I guess we should also re-generate the reference files for MSL 3.2.3 accordingly. @beutlich could you take care of that? I could also run those examples in Dymola myself and only upload those files to GIT, but I guess re-running the scripts is much easier.
Please let me know how we can proceed.
Created #3587 for it.
We are testing the results obtained on MSL 3.2.3 models with StopTime annotation in OpenModelica, comparing the results to the reference files produced by MAP-LIB using the CSV compare tool.

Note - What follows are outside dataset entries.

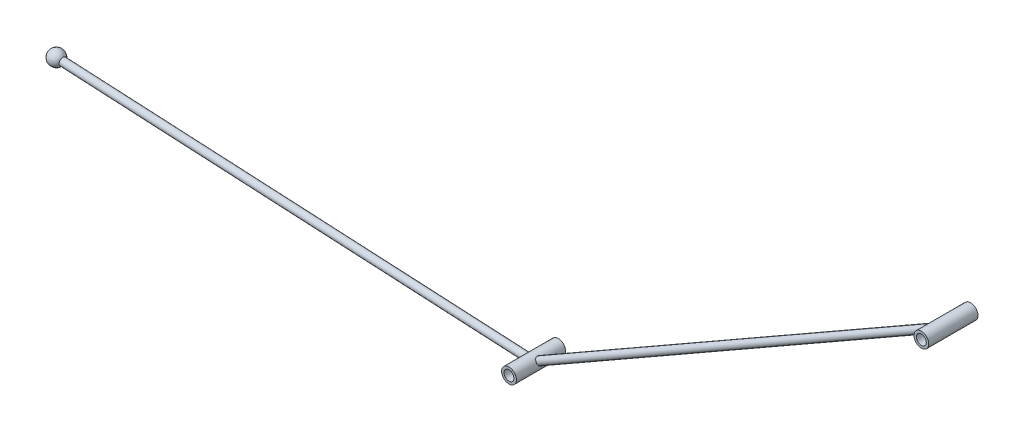
SolidWorks part; units mm, degrees
ref_plane "Plan de face" through (0, 0, 0) normal (0, 0, 1) x (1, 0, 0)
ref_plane "Plan de dessus" through (0, 0, 0) normal (0, 1, 0) x (1, 0, 0)
ref_plane "Plan de droite" through (0, 0, 0) normal (1, 0, 0) x (0, 0, -1)
sketch "Esquisse2" plane through (0, 0, 0) normal (0, 0, 1) x (1, 0, 0)
  line L0 (-291.1616, -154.3318) -> (-97.4173, -164.2892)
  line L1 (-97.4173, -164.2892) -> (71, -68)
  circle A3 centre (-291.1616, -154.3318) radius 3
  circle A4 centre (71, -68) radius 3
  dimension "D4" = 6
  dimension "D1" = 32.7
  dimension "D2" = 194
  dimension "D3" = 194
sketch "Esquisse3" plane through (0, 0, 0) normal (0, 0, 1) x (1, 0, 0)
  line L0 (-291.1616, -154.3318) -> (-97.4173, -164.2892)
  line L1 (-97.4173, -164.2892) -> (71, -68)
  line L2 (-97.4173, -164.2892) -> (71, -68) construction
ref_plane "Plan1" through (-291.1616, -154.3318, 0) normal (0.9987, -0.0513, 0) x (-0.0513, -0.9987, 0)
sketch "Esquisse4" plane through (-291.1616, -154.3318, 0) normal (0.9987, -0.0513, 0) x (-0.0513, -0.9987, 0)
  circle A0 centre (0, 0) radius 1.5
  dimension "D1" = 3
sweep "Balayage1" add profiles "Esquisse4" path "Esquisse3"
sketch "Esquisse5" plane through (0, 0, 0) normal (0, 0, 1) x (1, 0, 0)
  line L0 (-288.1655, -154.4858) -> (-294.1576, -154.1778) construction
  line L1 (-288.1655, -154.4858) -> (-294.1576, -154.1778)
  line L2 (-291.1616, -154.3318) -> (-97.4173, -164.2892) construction
  arc A0 (-288.1655, -154.4858) -> (-294.1576, -154.1778) centre (-291.1616, -154.3318) ccw
  dimension "D1" = 3
revolve "Révolution1" add sketch "Esquisse5" angle 360 about L0
sketch "Esquisse6" plane through (0, 0, 0) normal (0, 0, 1) x (1, 0, 0)
  circle A2 centre (-97.4173, -164.2892) radius 3
  circle A3 centre (70, -68) radius 3
  dimension "D1" = 6
extrude "Boss.-Extru.1" add sketch "Esquisse6" along normal mid plane 20
sketch "Esquisse7" plane through (0, 0, 10) normal (0, 0, 1) x (1, 0, 0)
  circle A2 centre (-97.4173, -164.2892) radius 2
  circle A3 centre (-97.4173, -164.2892) radius 2
  circle A5 centre (70, -68) radius 2
  circle A6 centre (70, -68) radius 2
  dimension "D1" = 1
  dimension "D2" = 1
extrude "Enlèv. mat.-Extru.1" cut sketch "Esquisse7" against normal through all

In a number of electrical machine tests, we get verification failures because of a individual variables, named either
zeroInductor.i0
ori_0_s,
that should probably be zero if an exact solution of the DAEs was computed, but instead fluctuate randomly close to zero due to the inevitable numerical noise of numerical integrators. Since the numerical noise is very close to zero, high and low limits based on relative tolerances end up being very close to the noisy trajectory, which is basically impossible to replicate unless one uses exactly the same tool and the very same solver settings that were used to generate the reference result.This means that it makes no sense at all to include these variables in the reference file.
Here is a list of models and variables that show this issue:
These results are basically impossible to replicate with the accuracy expected by the CVS compare tool. This doesn't mean that the simulation is wrong, it just means that those reference variables should really not be checked, because they are structurally unreliable.
@christiankral , @AHaumer, can you please confirm that those variables should indeed be zero in an exact solution?
@beutlich, @GallLeo , I would recommend to remove them at once from the reference results of MSL 3.2.3. Please also make sure the same problem is not present in the MSL 4.0.0 reference files.